Lee’s depiction of the treatment of Japanese soldiers and even officers within a Japanese military camp, are grim and stark, and entirely in keeping with non-fiction accounts of the harshness of the officers, the abuse of their own men, the expected discipline, the casual violence and brutality of day to day encounters. Needless to say, the comfort women are terribly abused, and not expected to long survive their violent treatment, if they are not physically killed first in some punishment or other. Amazingly, apparently many of the men choose to believe or continue deluding themselves, with the notion that these women have volunteered in service, when it is immediately obvious they are trafficked, prisoners, and sex slaves. That said, not unusually, Kkuteah’s story is that her parents traded her sister and herself, to protect their only son from conscription, sending their daughters to a truly vile and shortened life of sexual degradation and abuse and starvation. Kkuteah’s sister had the great good fortune of having her throat slit by a chivalrous young soldier, who paid with his life for his act of mercy; while Kkuteah envied her sister’s escape.  

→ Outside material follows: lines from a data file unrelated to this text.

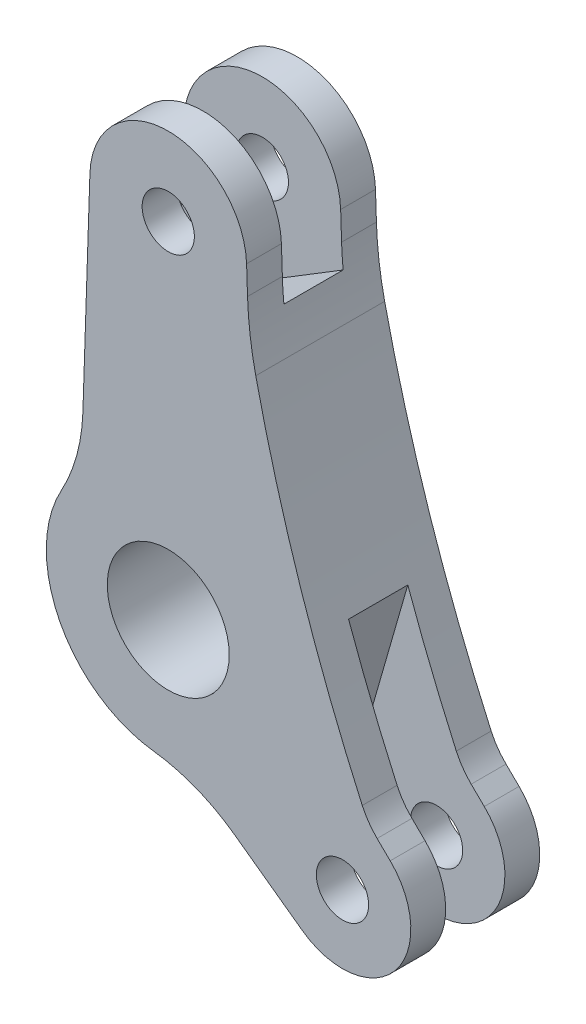
ISO-10303-21;
HEADER;
FILE_DESCRIPTION(('STEP AP214'),'2;1');
FILE_NAME('part.step','',(''),(''),'','','');
FILE_SCHEMA(('AUTOMOTIVE_DESIGN { 1 0 10303 214 1 1 1 1 }'));
ENDSEC;
DATA;
#1=APPLICATION_CONTEXT('core data for automotive mechanical design processes');
#2=APPLICATION_PROTOCOL_DEFINITION('international standard','automotive_design',2000,#1);
#3=PRODUCT_CONTEXT('',#1,'mechanical');
#4=PRODUCT('Part','Part','',(#3));
#5=PRODUCT_RELATED_PRODUCT_CATEGORY('part','',(#4));
#6=PRODUCT_DEFINITION_FORMATION('','',#4);
#7=PRODUCT_DEFINITION_CONTEXT('part definition',#1,'design');
#8=PRODUCT_DEFINITION('design','',#6,#7);
#9=PRODUCT_DEFINITION_SHAPE('','',#8);
#10=(LENGTH_UNIT() NAMED_UNIT(*) SI_UNIT(.MILLI.,.METRE.));
#11=(NAMED_UNIT(*) PLANE_ANGLE_UNIT() SI_UNIT($,.RADIAN.));
#12=(NAMED_UNIT(*) SI_UNIT($,.STERADIAN.) SOLID_ANGLE_UNIT());
#13=UNCERTAINTY_MEASURE_WITH_UNIT(LENGTH_MEASURE(1.E-05),#10,'distance_accuracy_value','');
#14=(GEOMETRIC_REPRESENTATION_CONTEXT(3) GLOBAL_UNCERTAINTY_ASSIGNED_CONTEXT((#13)) GLOBAL_UNIT_ASSIGNED_CONTEXT((#10,
#11,#12)) REPRESENTATION_CONTEXT('',''));
#15=CARTESIAN_POINT('',(0.,0.,0.));
#16=DIRECTION('',(0.,0.,1.));
#17=DIRECTION('',(1.,0.,0.));
#18=AXIS2_PLACEMENT_3D('',#15,#16,#17);
#19=CARTESIAN_POINT('',(1.89883544819038,-4.38734354159406,1.85));
#20=DIRECTION('',(0.586558009835035,0.809907217586288,0.));
#21=DIRECTION('',(-0.809907217586288,0.586558009835035,0.));
#22=AXIS2_PLACEMENT_3D('',#19,#20,#21);
#23=PLANE('',#22);
#24=DIRECTION('',(0.809907217586288,-0.586558009835035,0.));
#25=VECTOR('',#24,1.);
#26=CARTESIAN_POINT('',(1.89883544819038,-4.38734354159406,-0.85));
#27=LINE('',#26,#25);
#28=CARTESIAN_POINT('',(2.35712113183313,-4.7192471630169,-0.85));
#29=VERTEX_POINT('',#28);
#30=CARTESIAN_POINT('',(3.84954684208149,-5.80010461856446,-0.85));
#31=VERTEX_POINT('',#30);
#32=EDGE_CURVE('E246',#29,#31,#27,.T.);
#33=ORIENTED_EDGE('',*,*,#32,.F.);
#34=DIRECTION('',(0.,0.,1.));
#35=VECTOR('',#34,1.);
#36=CARTESIAN_POINT('',(2.35712113183313,-4.7192471630169,1.85));
#37=LINE('',#36,#35);
#38=CARTESIAN_POINT('',(2.35712113183313,-4.7192471630169,0.85));
#39=VERTEX_POINT('',#38);
#40=EDGE_CURVE('E208',#29,#39,#37,.T.);
#41=ORIENTED_EDGE('',*,*,#40,.T.);
#42=DIRECTION('',(0.809907217586288,-0.586558009835035,0.));
#43=VECTOR('',#42,1.);
#44=CARTESIAN_POINT('',(1.89883544819038,-4.38734354159406,0.85));
#45=LINE('',#44,#43);
#46=CARTESIAN_POINT('',(3.84954684208149,-5.80010461856446,0.85));
#47=VERTEX_POINT('',#46);
#48=EDGE_CURVE('E238',#39,#47,#45,.T.);
#49=ORIENTED_EDGE('',*,*,#48,.T.);
#50=DIRECTION('',(0.,0.,-1.));
#51=VECTOR('',#50,1.);
#52=CARTESIAN_POINT('',(3.84954684208149,-5.80010461856446,1.85));
#53=LINE('',#52,#51);
#54=CARTESIAN_POINT('',(3.84954684208149,-5.80010461856446,1.85));
#55=VERTEX_POINT('',#54);
#56=EDGE_CURVE('E43',#55,#47,#53,.T.);
#57=ORIENTED_EDGE('',*,*,#56,.F.);
#58=DIRECTION('',(0.809907217586288,-0.586558009835035,0.));
#59=VECTOR('',#58,1.);
#60=CARTESIAN_POINT('',(1.89883544819038,-4.38734354159406,1.85));
#61=LINE('',#60,#59);
#62=CARTESIAN_POINT('',(1.89883544819038,-4.38734354159406,1.85));
#63=VERTEX_POINT('',#62);
#64=EDGE_CURVE('E292',#63,#55,#61,.T.);
#65=ORIENTED_EDGE('',*,*,#64,.F.);
#66=DIRECTION('',(0.,0.,-1.));
#67=VECTOR('',#66,1.);
#68=CARTESIAN_POINT('',(1.89883544819038,-4.38734354159406,1.85));
#69=LINE('',#68,#67);
#70=CARTESIAN_POINT('',(1.89883544819038,-4.38734354159406,-1.85));
#71=VERTEX_POINT('',#70);
#72=EDGE_CURVE('E11',#63,#71,#69,.T.);
#73=ORIENTED_EDGE('',*,*,#72,.T.);
#74=DIRECTION('',(0.809907217586288,-0.586558009835035,0.));
#75=VECTOR('',#74,1.);
#76=CARTESIAN_POINT('',(1.89883544819038,-4.38734354159406,-1.85));
#77=LINE('',#76,#75);
#78=CARTESIAN_POINT('',(3.84954684208149,-5.80010461856446,-1.85));
#79=VERTEX_POINT('',#78);
#80=EDGE_CURVE('E318',#71,#79,#77,.T.);
#81=ORIENTED_EDGE('',*,*,#80,.T.);
#82=EDGE_CURVE('E380',#31,#79,#53,.T.);
#83=ORIENTED_EDGE('',*,*,#82,.F.);
#84=EDGE_LOOP('',(#33,#41,#49,#57,#65,#73,#81,#83));
#85=FACE_BOUND('',#84,.T.);
#86=ADVANCED_FACE('F34',(#85),#23,.F.);
#87=CARTESIAN_POINT('',(5.00079103651948,-4.21049034913888,1.85));
#88=DIRECTION('',(0.,0.,-1.));
#89=DIRECTION('',(-1.,0.,0.));
#90=AXIS2_PLACEMENT_3D('',#87,#88,#89);
#91=CYLINDRICAL_SURFACE('',#90,1.96271157350961);
#92=CARTESIAN_POINT('',(5.00079103651948,-4.21049034913888,-0.85));
#93=DIRECTION('',(0.,0.,1.));
#94=DIRECTION('',(1.,0.,0.));
#95=AXIS2_PLACEMENT_3D('',#92,#93,#94);
#96=CIRCLE('',#95,1.96271157350961);
#97=CARTESIAN_POINT('',(6.37107044623599,-2.80529603513973,-0.85));
#98=VERTEX_POINT('',#97);
#99=EDGE_CURVE('E244',#31,#98,#96,.T.);
#100=ORIENTED_EDGE('',*,*,#99,.F.);
#101=ORIENTED_EDGE('',*,*,#82,.T.);
#102=CARTESIAN_POINT('',(5.00079103651948,-4.21049034913888,-1.85));
#103=DIRECTION('',(0.,0.,1.));
#104=DIRECTION('',(1.,0.,0.));
#105=AXIS2_PLACEMENT_3D('',#102,#103,#104);
#106=CIRCLE('',#105,1.96271157350961);
#107=CARTESIAN_POINT('',(6.37107044623599,-2.80529603513973,-1.85));
#108=VERTEX_POINT('',#107);
#109=EDGE_CURVE('E321',#79,#108,#106,.T.);
#110=ORIENTED_EDGE('',*,*,#109,.T.);
#111=DIRECTION('',(0.,0.,-1.));
#112=VECTOR('',#111,1.);
#113=CARTESIAN_POINT('',(6.37107044623599,-2.80529603513973,1.85));
#114=LINE('',#113,#112);
#115=EDGE_CURVE('E376',#98,#108,#114,.T.);
#116=ORIENTED_EDGE('',*,*,#115,.F.);
#117=EDGE_LOOP('',(#100,#101,#110,#116));
#118=FACE_BOUND('',#117,.T.);
#119=ADVANCED_FACE('F419',(#118),#91,.T.);
#120=CARTESIAN_POINT('',(5.99474337438653,-2.43831957306836,1.85));
#121=DIRECTION('',(-0.698156279410047,-0.715945395627572,0.));
#122=DIRECTION('',(0.715945395627572,-0.698156279410047,0.));
#123=AXIS2_PLACEMENT_3D('',#120,#121,#122);
#124=PLANE('',#123);
#125=DIRECTION('',(-0.715945395627572,0.698156279410047,0.));
#126=VECTOR('',#125,1.);
#127=CARTESIAN_POINT('',(5.99474337438653,-2.43831957306836,-0.85));
#128=LINE('',#127,#126);
#129=CARTESIAN_POINT('',(5.99474337438653,-2.43831957306836,-0.85));
#130=VERTEX_POINT('',#129);
#131=EDGE_CURVE('E242',#98,#130,#128,.T.);
#132=ORIENTED_EDGE('',*,*,#131,.F.);
#133=ORIENTED_EDGE('',*,*,#115,.T.);
#134=DIRECTION('',(-0.715945395627572,0.698156279410047,0.));
#135=VECTOR('',#134,1.);
#136=CARTESIAN_POINT('',(5.99474337438653,-2.43831957306836,-1.85));
#137=LINE('',#136,#135);
#138=CARTESIAN_POINT('',(5.99474337438653,-2.43831957306836,-1.85));
#139=VERTEX_POINT('',#138);
#140=EDGE_CURVE('E324',#108,#139,#137,.T.);
#141=ORIENTED_EDGE('',*,*,#140,.T.);
#142=DIRECTION('',(0.,0.,-1.));
#143=VECTOR('',#142,1.);
#144=CARTESIAN_POINT('',(5.99474337438653,-2.43831957306836,1.85));
#145=LINE('',#144,#143);
#146=EDGE_CURVE('E372',#130,#139,#145,.T.);
#147=ORIENTED_EDGE('',*,*,#146,.F.);
#148=EDGE_LOOP('',(#132,#133,#141,#147));
#149=FACE_BOUND('',#148,.T.);
#150=ADVANCED_FACE('F424',(#149),#124,.F.);
#151=CARTESIAN_POINT('',(7.39105593320663,-1.00642878181321,1.85));
#152=DIRECTION('',(0.,0.,-1.));
#153=DIRECTION('',(-1.,0.,0.));
#154=AXIS2_PLACEMENT_3D('',#151,#152,#153);
#155=CYLINDRICAL_SURFACE('',#154,2.);
#156=CARTESIAN_POINT('',(7.39105593320663,-1.00642878181321,-0.85));
#157=DIRECTION('',(0.,0.,1.));
#158=DIRECTION('',(1.,0.,0.));
#159=AXIS2_PLACEMENT_3D('',#156,#157,#158);
#160=CIRCLE('',#159,2.);
#161=CARTESIAN_POINT('',(5.56845578497481,-1.82991448276097,-0.85));
#162=VERTEX_POINT('',#161);
#163=EDGE_CURVE('E197',#130,#162,#160,.F.);
#164=ORIENTED_EDGE('',*,*,#163,.F.);
#165=ORIENTED_EDGE('',*,*,#146,.T.);
#166=CARTESIAN_POINT('',(7.39105593320663,-1.00642878181321,-1.85));
#167=DIRECTION('',(0.,0.,-1.));
#168=DIRECTION('',(1.,0.,0.));
#169=AXIS2_PLACEMENT_3D('',#166,#167,#168);
#170=CIRCLE('',#169,2.);
#171=CARTESIAN_POINT('',(5.56845578497481,-1.82991448276097,-1.85));
#172=VERTEX_POINT('',#171);
#173=EDGE_CURVE('E327',#139,#172,#170,.T.);
#174=ORIENTED_EDGE('',*,*,#173,.T.);
#175=DIRECTION('',(0.,0.,-1.));
#176=VECTOR('',#175,1.);
#177=CARTESIAN_POINT('',(5.56845578497481,-1.82991448276097,1.85));
#178=LINE('',#177,#176);
#179=EDGE_CURVE('E369',#162,#172,#178,.T.);
#180=ORIENTED_EDGE('',*,*,#179,.F.);
#181=EDGE_LOOP('',(#164,#165,#174,#180));
#182=FACE_BOUND('',#181,.T.);
#183=ADVANCED_FACE('F440',(#182),#155,.F.);
#184=CARTESIAN_POINT('',(48.7361620669657,17.67408308929,1.85));
#185=DIRECTION('',(0.,0.,-1.));
#186=DIRECTION('',(-1.,0.,0.));
#187=AXIS2_PLACEMENT_3D('',#184,#185,#186);
#188=CYLINDRICAL_SURFACE('',#187,47.3693654901436);
#189=CARTESIAN_POINT('',(48.7361620669657,17.67408308929,-0.85));
#190=DIRECTION('',(0.,0.,1.));
#191=DIRECTION('',(1.,0.,0.));
#192=AXIS2_PLACEMENT_3D('',#189,#190,#191);
#193=CIRCLE('',#192,47.3693654901436);
#194=CARTESIAN_POINT('',(4.17602011367658,1.60390773114507,-0.85));
#195=VERTEX_POINT('',#194);
#196=EDGE_CURVE('E191',#162,#195,#193,.F.);
#197=ORIENTED_EDGE('',*,*,#196,.F.);
#198=ORIENTED_EDGE('',*,*,#179,.T.);
#199=CARTESIAN_POINT('',(48.7361620669657,17.67408308929,-1.85));
#200=DIRECTION('',(0.,0.,-1.));
#201=DIRECTION('',(1.,0.,0.));
#202=AXIS2_PLACEMENT_3D('',#199,#200,#201);
#203=CIRCLE('',#202,47.3693654901436);
#204=CARTESIAN_POINT('',(2.51157735789529,7.32301766524892,-1.85));
#205=VERTEX_POINT('',#204);
#206=EDGE_CURVE('E330',#172,#205,#203,.T.);
#207=ORIENTED_EDGE('',*,*,#206,.T.);
#208=DIRECTION('',(0.,0.,-1.));
#209=VECTOR('',#208,1.);
#210=CARTESIAN_POINT('',(2.51157735789529,7.32301766524892,1.85));
#211=LINE('',#210,#209);
#212=CARTESIAN_POINT('',(2.51157735789529,7.32301766524892,1.85));
#213=VERTEX_POINT('',#212);
#214=EDGE_CURVE('E366',#213,#205,#211,.T.);
#215=ORIENTED_EDGE('',*,*,#214,.F.);
#216=CARTESIAN_POINT('',(48.7361620669657,17.67408308929,1.85));
#217=DIRECTION('',(0.,0.,-1.));
#218=DIRECTION('',(1.,0.,0.));
#219=AXIS2_PLACEMENT_3D('',#216,#217,#218);
#220=CIRCLE('',#219,47.3693654901436);
#221=CARTESIAN_POINT('',(5.56845578497481,-1.82991448276097,1.85));
#222=VERTEX_POINT('',#221);
#223=EDGE_CURVE('E301',#222,#213,#220,.T.);
#224=ORIENTED_EDGE('',*,*,#223,.F.);
#225=CARTESIAN_POINT('',(5.56845578497481,-1.82991448276097,0.85));
#226=VERTEX_POINT('',#225);
#227=EDGE_CURVE('E370',#222,#226,#178,.T.);
#228=ORIENTED_EDGE('',*,*,#227,.T.);
#229=CARTESIAN_POINT('',(48.7361620669657,17.67408308929,0.85));
#230=DIRECTION('',(0.,0.,1.));
#231=DIRECTION('',(1.,0.,0.));
#232=AXIS2_PLACEMENT_3D('',#229,#230,#231);
#233=CIRCLE('',#232,47.3693654901436);
#234=CARTESIAN_POINT('',(4.17602011367658,1.60390773114507,0.85));
#235=VERTEX_POINT('',#234);
#236=EDGE_CURVE('E212',#226,#235,#233,.F.);
#237=ORIENTED_EDGE('',*,*,#236,.T.);
#238=DIRECTION('',(0.,0.,1.));
#239=VECTOR('',#238,1.);
#240=CARTESIAN_POINT('',(4.17602011367658,1.60390773114507,-0.85));
#241=LINE('',#240,#239);
#242=EDGE_CURVE('E205',#195,#235,#241,.T.);
#243=ORIENTED_EDGE('',*,*,#242,.F.);
#244=EDGE_LOOP('',(#197,#198,#207,#215,#224,#228,#237,#243));
#245=FACE_BOUND('',#244,.T.);
#246=ADVANCED_FACE('F210',(#245),#188,.F.);
#247=CARTESIAN_POINT('',(12.2699062336934,9.50819901968249,1.85));
#248=DIRECTION('',(0.,0.,-1.));
#249=DIRECTION('',(-1.,0.,0.));
#250=AXIS2_PLACEMENT_3D('',#247,#248,#249);
#251=CYLINDRICAL_SURFACE('',#250,10.);
#252=CARTESIAN_POINT('',(12.2699062336934,9.50819901968249,-0.85));
#253=DIRECTION('',(0.,0.,1.));
#254=DIRECTION('',(1.,0.,0.));
#255=AXIS2_PLACEMENT_3D('',#252,#253,#254);
#256=CIRCLE('',#255,10.);
#257=CARTESIAN_POINT('',(2.32019862464675,8.50654114671467,-0.85));
#258=VERTEX_POINT('',#257);
#259=CARTESIAN_POINT('',(2.27547486616742,9.17452007247119,-0.85));
#260=VERTEX_POINT('',#259);
#261=EDGE_CURVE('E267',#258,#260,#256,.F.);
#262=ORIENTED_EDGE('',*,*,#261,.F.);
#263=DIRECTION('',(0.,0.,1.));
#264=VECTOR('',#263,1.);
#265=CARTESIAN_POINT('',(2.32019862464675,8.50654114671467,-0.85));
#266=LINE('',#265,#264);
#267=CARTESIAN_POINT('',(2.32019862464675,8.50654114671467,0.85));
#268=VERTEX_POINT('',#267);
#269=EDGE_CURVE('E224',#258,#268,#266,.T.);
#270=ORIENTED_EDGE('',*,*,#269,.T.);
#271=CARTESIAN_POINT('',(12.2699062336934,9.50819901968249,0.85));
#272=DIRECTION('',(0.,0.,1.));
#273=DIRECTION('',(1.,0.,0.));
#274=AXIS2_PLACEMENT_3D('',#271,#272,#273);
#275=CIRCLE('',#274,10.);
#276=CARTESIAN_POINT('',(2.27547486616742,9.17452007247119,0.85));
#277=VERTEX_POINT('',#276);
#278=EDGE_CURVE('E258',#268,#277,#275,.F.);
#279=ORIENTED_EDGE('',*,*,#278,.T.);
#280=DIRECTION('',(0.,0.,-1.));
#281=VECTOR('',#280,1.);
#282=CARTESIAN_POINT('',(2.27547486616742,9.17452007247119,1.85));
#283=LINE('',#282,#281);
#284=CARTESIAN_POINT('',(2.27547486616742,9.17452007247119,1.85));
#285=VERTEX_POINT('',#284);
#286=EDGE_CURVE('E363',#285,#277,#283,.T.);
#287=ORIENTED_EDGE('',*,*,#286,.F.);
#288=CARTESIAN_POINT('',(12.2699062336934,9.50819901968249,1.85));
#289=DIRECTION('',(0.,0.,-1.));
#290=DIRECTION('',(-1.,0.,0.));
#291=AXIS2_PLACEMENT_3D('',#288,#289,#290);
#292=CIRCLE('',#291,10.);
#293=EDGE_CURVE('E303',#213,#285,#292,.T.);
#294=ORIENTED_EDGE('',*,*,#293,.F.);
#295=ORIENTED_EDGE('',*,*,#214,.T.);
#296=CARTESIAN_POINT('',(12.2699062336934,9.50819901968249,-1.85));
#297=DIRECTION('',(0.,0.,-1.));
#298=DIRECTION('',(-1.,0.,0.));
#299=AXIS2_PLACEMENT_3D('',#296,#297,#298);
#300=CIRCLE('',#299,10.);
#301=CARTESIAN_POINT('',(2.27547486616742,9.17452007247119,-1.85));
#302=VERTEX_POINT('',#301);
#303=EDGE_CURVE('E332',#205,#302,#300,.T.);
#304=ORIENTED_EDGE('',*,*,#303,.T.);
#305=EDGE_CURVE('E362',#260,#302,#283,.T.);
#306=ORIENTED_EDGE('',*,*,#305,.F.);
#307=EDGE_LOOP('',(#262,#270,#279,#287,#294,#295,#304,#306));
#308=FACE_BOUND('',#307,.T.);
#309=ADVANCED_FACE('F443',(#308),#251,.F.);
#310=CARTESIAN_POINT('',(2.24874705769335,9.97507776312254,1.85));
#311=DIRECTION('',(-0.999443136752602,-0.033367894721129,0.));
#312=DIRECTION('',(0.033367894721129,-0.999443136752602,0.));
#313=AXIS2_PLACEMENT_3D('',#310,#311,#312);
#314=PLANE('',#313);
#315=DIRECTION('',(-0.033367894721129,0.999443136752602,0.));
#316=VECTOR('',#315,1.);
#317=CARTESIAN_POINT('',(2.24874705769335,9.97507776312254,-0.85));
#318=LINE('',#317,#316);
#319=CARTESIAN_POINT('',(2.24874705769335,9.97507776312254,-0.85));
#320=VERTEX_POINT('',#319);
#321=EDGE_CURVE('E265',#260,#320,#318,.T.);
#322=ORIENTED_EDGE('',*,*,#321,.F.);
#323=ORIENTED_EDGE('',*,*,#305,.T.);
#324=DIRECTION('',(-0.033367894721129,0.999443136752602,0.));
#325=VECTOR('',#324,1.);
#326=CARTESIAN_POINT('',(2.24874705769335,9.97507776312254,-1.85));
#327=LINE('',#326,#325);
#328=CARTESIAN_POINT('',(2.24874705769335,9.97507776312254,-1.85));
#329=VERTEX_POINT('',#328);
#330=EDGE_CURVE('E335',#302,#329,#327,.T.);
#331=ORIENTED_EDGE('',*,*,#330,.T.);
#332=DIRECTION('',(0.,0.,-1.));
#333=VECTOR('',#332,1.);
#334=CARTESIAN_POINT('',(2.24874705769335,9.97507776312254,1.85));
#335=LINE('',#334,#333);
#336=EDGE_CURVE('E358',#320,#329,#335,.T.);
#337=ORIENTED_EDGE('',*,*,#336,.F.);
#338=EDGE_LOOP('',(#322,#323,#331,#337));
#339=FACE_BOUND('',#338,.T.);
#340=ADVANCED_FACE('F446',(#339),#314,.F.);
#341=CARTESIAN_POINT('',(0.,9.9,1.85));
#342=DIRECTION('',(0.,0.,-1.));
#343=DIRECTION('',(-1.,0.,0.));
#344=AXIS2_PLACEMENT_3D('',#341,#342,#343);
#345=CYLINDRICAL_SURFACE('',#344,2.25);
#346=CARTESIAN_POINT('',(0.,9.9,-0.85));
#347=DIRECTION('',(0.,0.,1.));
#348=DIRECTION('',(1.,0.,0.));
#349=AXIS2_PLACEMENT_3D('',#346,#347,#348);
#350=CIRCLE('',#349,2.25);
#351=CARTESIAN_POINT('',(-2.24874705769335,9.97507776312254,-0.85));
#352=VERTEX_POINT('',#351);
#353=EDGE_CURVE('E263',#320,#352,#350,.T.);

The horrific conditions of the camp and all that Hata experienced seems to have been held by him in abeyance once he left that part of his life behind him; it is incredible to think what a contained, gentle, quiet, peaceful life he crafted for himself thereafter, and how he never seemed to allow the traumas of that military life to affect his gentleness towards everyone he encountered. Perhaps that is why he is inordinately (but in an entirely understated manner) pleased and proud of what he had managed to make of himself in Bedley Run: “I was perfectly suited to my town, that I had steadily become, oddly and unofficially, its primary citizen, the living, breathing expression of what people here wanted – privacy and decorum and the quietude of hard-earned privilege” (p275). His rebellious teenaged Sunny at first finds her adoptive father’s values and priorities unacceptable to her, and leaves home before she is eighteen. Father and daughter do manage to work out a tensed but genuine reconciliation later on, when in retirement, Hata actually manages to form new, meaningful, intimate relationships which allow people to actually get past his reserve and become closer to him. It would seem that perhaps it was only very late in life that Hata dares to explore this part of himself, to allow himself these relationships, perhaps when the earlier and deeply buried trauma has finally receded a little, or perhaps which time has healed a little.  

The pleasure of this book is in following Hata’s life and mind and responses to the events in his life, in getting a seemingly privileged insider’s glimpse of such a private, dignified man and mind. The language of the novel in no small part facilitates this charming experience; I shall definitely be looking for other Chang-Rae Lee books.